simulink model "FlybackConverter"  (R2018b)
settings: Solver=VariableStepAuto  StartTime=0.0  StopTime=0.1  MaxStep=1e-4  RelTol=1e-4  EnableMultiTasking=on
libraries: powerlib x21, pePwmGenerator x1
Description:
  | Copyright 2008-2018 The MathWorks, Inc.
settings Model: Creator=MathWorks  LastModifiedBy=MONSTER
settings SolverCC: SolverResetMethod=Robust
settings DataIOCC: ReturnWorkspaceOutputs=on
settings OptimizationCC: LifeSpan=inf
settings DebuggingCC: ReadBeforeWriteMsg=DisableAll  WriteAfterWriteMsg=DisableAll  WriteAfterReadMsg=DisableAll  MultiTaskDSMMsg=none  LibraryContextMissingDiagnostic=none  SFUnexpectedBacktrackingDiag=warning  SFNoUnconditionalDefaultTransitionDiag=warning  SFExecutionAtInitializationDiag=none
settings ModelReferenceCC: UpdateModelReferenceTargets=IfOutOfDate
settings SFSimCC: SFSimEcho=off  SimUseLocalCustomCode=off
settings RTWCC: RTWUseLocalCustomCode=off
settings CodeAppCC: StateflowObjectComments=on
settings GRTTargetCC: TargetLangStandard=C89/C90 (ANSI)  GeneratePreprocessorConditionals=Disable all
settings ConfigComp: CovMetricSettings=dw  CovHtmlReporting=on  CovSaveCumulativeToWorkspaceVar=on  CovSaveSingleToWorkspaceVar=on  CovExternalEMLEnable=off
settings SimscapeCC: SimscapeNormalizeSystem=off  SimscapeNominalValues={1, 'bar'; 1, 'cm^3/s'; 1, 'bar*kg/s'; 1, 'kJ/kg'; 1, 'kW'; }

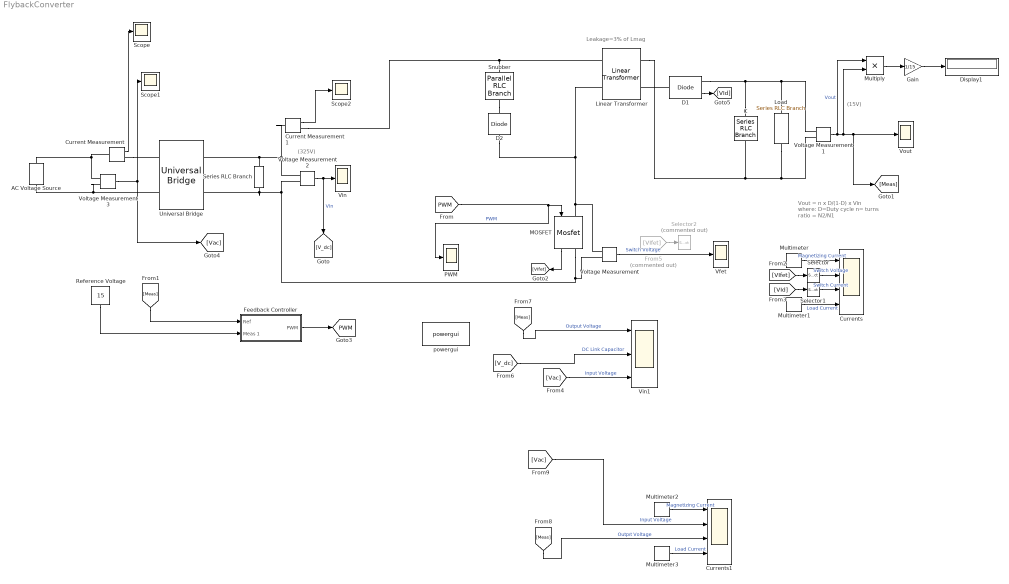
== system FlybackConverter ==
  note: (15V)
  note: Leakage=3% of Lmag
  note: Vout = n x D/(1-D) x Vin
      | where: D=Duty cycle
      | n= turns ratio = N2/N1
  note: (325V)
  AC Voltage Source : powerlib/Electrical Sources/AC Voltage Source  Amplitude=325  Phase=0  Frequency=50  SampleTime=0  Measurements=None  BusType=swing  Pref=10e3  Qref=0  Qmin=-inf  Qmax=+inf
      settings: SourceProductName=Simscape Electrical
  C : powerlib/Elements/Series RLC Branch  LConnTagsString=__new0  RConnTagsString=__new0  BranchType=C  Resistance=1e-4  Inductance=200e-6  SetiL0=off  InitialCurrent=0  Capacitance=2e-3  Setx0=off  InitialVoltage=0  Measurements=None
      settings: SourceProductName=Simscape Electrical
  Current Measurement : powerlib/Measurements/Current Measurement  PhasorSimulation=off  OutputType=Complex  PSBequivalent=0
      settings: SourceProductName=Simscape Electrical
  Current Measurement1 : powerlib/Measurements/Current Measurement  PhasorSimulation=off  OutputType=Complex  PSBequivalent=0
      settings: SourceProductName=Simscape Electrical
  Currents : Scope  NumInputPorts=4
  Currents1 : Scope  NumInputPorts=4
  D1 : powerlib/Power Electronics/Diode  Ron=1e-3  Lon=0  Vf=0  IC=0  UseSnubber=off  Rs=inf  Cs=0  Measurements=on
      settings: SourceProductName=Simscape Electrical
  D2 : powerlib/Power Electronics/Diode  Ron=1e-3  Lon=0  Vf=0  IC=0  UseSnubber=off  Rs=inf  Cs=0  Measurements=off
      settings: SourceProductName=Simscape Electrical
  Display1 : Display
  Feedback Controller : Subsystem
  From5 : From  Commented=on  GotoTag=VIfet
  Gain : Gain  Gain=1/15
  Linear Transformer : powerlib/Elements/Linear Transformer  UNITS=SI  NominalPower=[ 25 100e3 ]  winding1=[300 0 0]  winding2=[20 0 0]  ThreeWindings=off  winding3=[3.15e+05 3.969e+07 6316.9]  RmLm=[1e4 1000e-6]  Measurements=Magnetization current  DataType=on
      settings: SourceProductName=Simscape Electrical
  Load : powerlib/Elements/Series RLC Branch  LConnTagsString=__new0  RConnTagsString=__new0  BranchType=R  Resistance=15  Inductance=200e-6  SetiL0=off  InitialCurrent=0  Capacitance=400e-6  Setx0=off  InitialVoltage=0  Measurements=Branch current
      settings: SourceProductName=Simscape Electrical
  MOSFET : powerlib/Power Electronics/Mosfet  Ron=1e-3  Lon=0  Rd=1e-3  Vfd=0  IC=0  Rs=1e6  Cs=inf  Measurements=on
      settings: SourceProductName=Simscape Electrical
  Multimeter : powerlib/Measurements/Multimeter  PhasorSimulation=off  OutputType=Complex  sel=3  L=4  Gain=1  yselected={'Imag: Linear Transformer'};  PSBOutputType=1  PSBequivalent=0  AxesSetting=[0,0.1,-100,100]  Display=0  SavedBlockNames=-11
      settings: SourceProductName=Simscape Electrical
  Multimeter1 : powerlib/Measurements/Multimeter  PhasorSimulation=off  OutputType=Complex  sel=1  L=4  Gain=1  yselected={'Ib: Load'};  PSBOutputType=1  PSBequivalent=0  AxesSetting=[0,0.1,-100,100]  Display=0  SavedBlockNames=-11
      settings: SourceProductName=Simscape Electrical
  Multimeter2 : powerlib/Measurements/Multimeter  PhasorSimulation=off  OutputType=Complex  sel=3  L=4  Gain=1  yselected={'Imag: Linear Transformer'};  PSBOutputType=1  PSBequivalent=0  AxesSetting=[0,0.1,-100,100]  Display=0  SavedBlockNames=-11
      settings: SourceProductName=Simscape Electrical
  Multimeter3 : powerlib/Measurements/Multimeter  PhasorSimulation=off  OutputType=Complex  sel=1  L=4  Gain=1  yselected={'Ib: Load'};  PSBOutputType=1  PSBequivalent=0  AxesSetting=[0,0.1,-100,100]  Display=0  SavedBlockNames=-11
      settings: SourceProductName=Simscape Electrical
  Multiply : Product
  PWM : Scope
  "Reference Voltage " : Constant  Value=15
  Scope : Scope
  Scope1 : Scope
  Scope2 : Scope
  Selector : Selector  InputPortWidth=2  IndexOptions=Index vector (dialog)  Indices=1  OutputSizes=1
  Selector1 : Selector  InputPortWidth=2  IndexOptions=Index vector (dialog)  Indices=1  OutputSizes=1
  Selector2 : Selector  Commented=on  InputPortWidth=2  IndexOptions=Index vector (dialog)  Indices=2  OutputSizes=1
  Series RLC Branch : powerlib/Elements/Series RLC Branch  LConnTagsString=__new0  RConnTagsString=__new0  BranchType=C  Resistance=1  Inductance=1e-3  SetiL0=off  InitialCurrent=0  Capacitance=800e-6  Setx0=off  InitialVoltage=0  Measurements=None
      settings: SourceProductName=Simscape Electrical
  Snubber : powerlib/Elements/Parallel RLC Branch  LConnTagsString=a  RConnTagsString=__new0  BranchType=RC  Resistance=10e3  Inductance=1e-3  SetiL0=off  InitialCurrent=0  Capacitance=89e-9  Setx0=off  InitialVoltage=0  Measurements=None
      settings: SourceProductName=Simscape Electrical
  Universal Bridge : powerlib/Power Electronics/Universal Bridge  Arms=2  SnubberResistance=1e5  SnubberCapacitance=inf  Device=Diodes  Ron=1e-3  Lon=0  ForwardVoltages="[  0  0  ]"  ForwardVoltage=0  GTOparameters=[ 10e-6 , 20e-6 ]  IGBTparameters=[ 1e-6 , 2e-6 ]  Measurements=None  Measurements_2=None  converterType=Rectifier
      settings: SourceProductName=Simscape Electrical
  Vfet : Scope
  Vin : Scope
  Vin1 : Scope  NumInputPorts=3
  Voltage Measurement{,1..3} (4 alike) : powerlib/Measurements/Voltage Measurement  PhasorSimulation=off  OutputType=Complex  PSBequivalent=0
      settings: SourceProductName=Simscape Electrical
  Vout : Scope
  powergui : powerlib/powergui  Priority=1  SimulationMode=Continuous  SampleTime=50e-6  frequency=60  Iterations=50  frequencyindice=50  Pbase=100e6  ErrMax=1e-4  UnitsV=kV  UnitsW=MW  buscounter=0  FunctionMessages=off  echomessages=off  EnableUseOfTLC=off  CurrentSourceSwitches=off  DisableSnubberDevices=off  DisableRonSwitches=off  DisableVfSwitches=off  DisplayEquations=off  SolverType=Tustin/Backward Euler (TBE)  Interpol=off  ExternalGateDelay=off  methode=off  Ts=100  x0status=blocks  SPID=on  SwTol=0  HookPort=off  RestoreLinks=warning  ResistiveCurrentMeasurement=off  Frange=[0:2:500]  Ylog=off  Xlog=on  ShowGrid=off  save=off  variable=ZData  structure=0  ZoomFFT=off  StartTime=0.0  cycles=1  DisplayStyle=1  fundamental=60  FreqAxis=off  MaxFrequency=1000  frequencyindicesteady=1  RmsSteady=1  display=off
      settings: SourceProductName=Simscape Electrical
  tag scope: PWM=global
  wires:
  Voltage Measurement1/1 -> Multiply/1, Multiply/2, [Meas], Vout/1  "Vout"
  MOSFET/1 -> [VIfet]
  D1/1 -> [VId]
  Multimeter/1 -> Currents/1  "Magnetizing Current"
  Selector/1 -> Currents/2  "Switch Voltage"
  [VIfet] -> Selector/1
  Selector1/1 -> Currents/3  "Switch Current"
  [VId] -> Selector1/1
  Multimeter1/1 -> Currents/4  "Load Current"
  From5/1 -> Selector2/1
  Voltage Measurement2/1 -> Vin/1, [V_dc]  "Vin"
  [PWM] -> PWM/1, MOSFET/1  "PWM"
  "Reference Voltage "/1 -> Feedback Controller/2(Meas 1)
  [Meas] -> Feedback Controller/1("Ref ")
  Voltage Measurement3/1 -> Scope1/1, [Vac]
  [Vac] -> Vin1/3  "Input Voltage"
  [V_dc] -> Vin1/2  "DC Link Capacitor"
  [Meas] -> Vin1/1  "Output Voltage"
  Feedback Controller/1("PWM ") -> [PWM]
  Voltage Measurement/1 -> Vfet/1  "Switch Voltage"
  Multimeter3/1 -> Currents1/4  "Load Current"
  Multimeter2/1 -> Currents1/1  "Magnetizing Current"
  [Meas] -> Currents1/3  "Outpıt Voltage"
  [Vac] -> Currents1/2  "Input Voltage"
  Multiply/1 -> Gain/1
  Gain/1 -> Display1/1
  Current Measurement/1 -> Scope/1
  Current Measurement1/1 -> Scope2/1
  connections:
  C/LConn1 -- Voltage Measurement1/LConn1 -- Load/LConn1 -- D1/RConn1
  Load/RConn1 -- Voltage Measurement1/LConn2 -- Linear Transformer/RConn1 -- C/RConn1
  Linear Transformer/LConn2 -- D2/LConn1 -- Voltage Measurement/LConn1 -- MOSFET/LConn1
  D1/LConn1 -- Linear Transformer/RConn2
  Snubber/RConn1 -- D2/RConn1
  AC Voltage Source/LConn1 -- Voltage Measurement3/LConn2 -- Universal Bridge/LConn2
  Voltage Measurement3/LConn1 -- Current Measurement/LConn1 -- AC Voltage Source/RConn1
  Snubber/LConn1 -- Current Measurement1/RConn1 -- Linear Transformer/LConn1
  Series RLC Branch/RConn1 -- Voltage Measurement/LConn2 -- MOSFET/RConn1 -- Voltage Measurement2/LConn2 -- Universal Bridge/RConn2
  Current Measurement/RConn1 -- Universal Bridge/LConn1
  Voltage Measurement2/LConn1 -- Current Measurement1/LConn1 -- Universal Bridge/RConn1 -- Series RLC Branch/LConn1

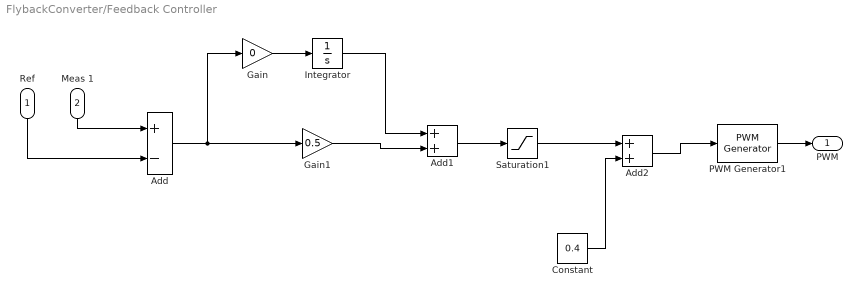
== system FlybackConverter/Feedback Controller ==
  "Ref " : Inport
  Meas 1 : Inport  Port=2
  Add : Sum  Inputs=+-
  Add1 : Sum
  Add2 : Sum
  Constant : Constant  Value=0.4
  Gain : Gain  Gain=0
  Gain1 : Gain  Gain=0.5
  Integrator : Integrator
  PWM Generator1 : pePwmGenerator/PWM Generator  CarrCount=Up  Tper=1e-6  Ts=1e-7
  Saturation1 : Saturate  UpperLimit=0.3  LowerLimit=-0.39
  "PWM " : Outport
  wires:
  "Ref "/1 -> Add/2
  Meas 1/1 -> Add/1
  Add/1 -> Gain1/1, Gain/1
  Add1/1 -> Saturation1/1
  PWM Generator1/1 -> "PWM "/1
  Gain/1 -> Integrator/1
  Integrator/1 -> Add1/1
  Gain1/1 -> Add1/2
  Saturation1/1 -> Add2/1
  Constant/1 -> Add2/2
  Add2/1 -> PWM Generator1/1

^^^^^^^^^^^^^^^^

YOUR TASK: Exactly as written, reproduce the lines of the data above from the first line through the line where "settings ConfigComp: CovMetricSettings=dw" appears.

ANSWER SECTION:
simulink model "FlybackConverter"  (R2018b)
settings: Solver=VariableStepAuto  StartTime=0.0  StopTime=0.1  MaxStep=1e-4  RelTol=1e-4  EnableMultiTasking=on
libraries: powerlib x21, pePwmGenerator x1
Description:
  | Copyright 2008-2018 The MathWorks, Inc.
settings Model: Creator=MathWorks  LastModifiedBy=MONSTER
settings SolverCC: SolverResetMethod=Robust
settings DataIOCC: ReturnWorkspaceOutputs=on
settings OptimizationCC: LifeSpan=inf
settings DebuggingCC: ReadBeforeWriteMsg=DisableAll  WriteAfterWriteMsg=DisableAll  WriteAfterReadMsg=DisableAll  MultiTaskDSMMsg=none  LibraryContextMissingDiagnostic=none  SFUnexpectedBacktrackingDiag=warning  SFNoUnconditionalDefaultTransitionDiag=warning  SFExecutionAtInitializationDiag=none
settings ModelReferenceCC: UpdateModelReferenceTargets=IfOutOfDate
settings SFSimCC: SFSimEcho=off  SimUseLocalCustomCode=off
settings RTWCC: RTWUseLocalCustomCode=off
settings CodeAppCC: StateflowObjectComments=on
settings GRTTargetCC: TargetLangStandard=C89/C90 (ANSI)  GeneratePreprocessorConditionals=Disable all
settings ConfigComp: CovMetricSettings=dw  CovHtmlReporting=on  CovSaveCumulativeToWorkspaceVar=on  CovSaveSingleToWorkspaceVar=on  CovExternalEMLEnable=off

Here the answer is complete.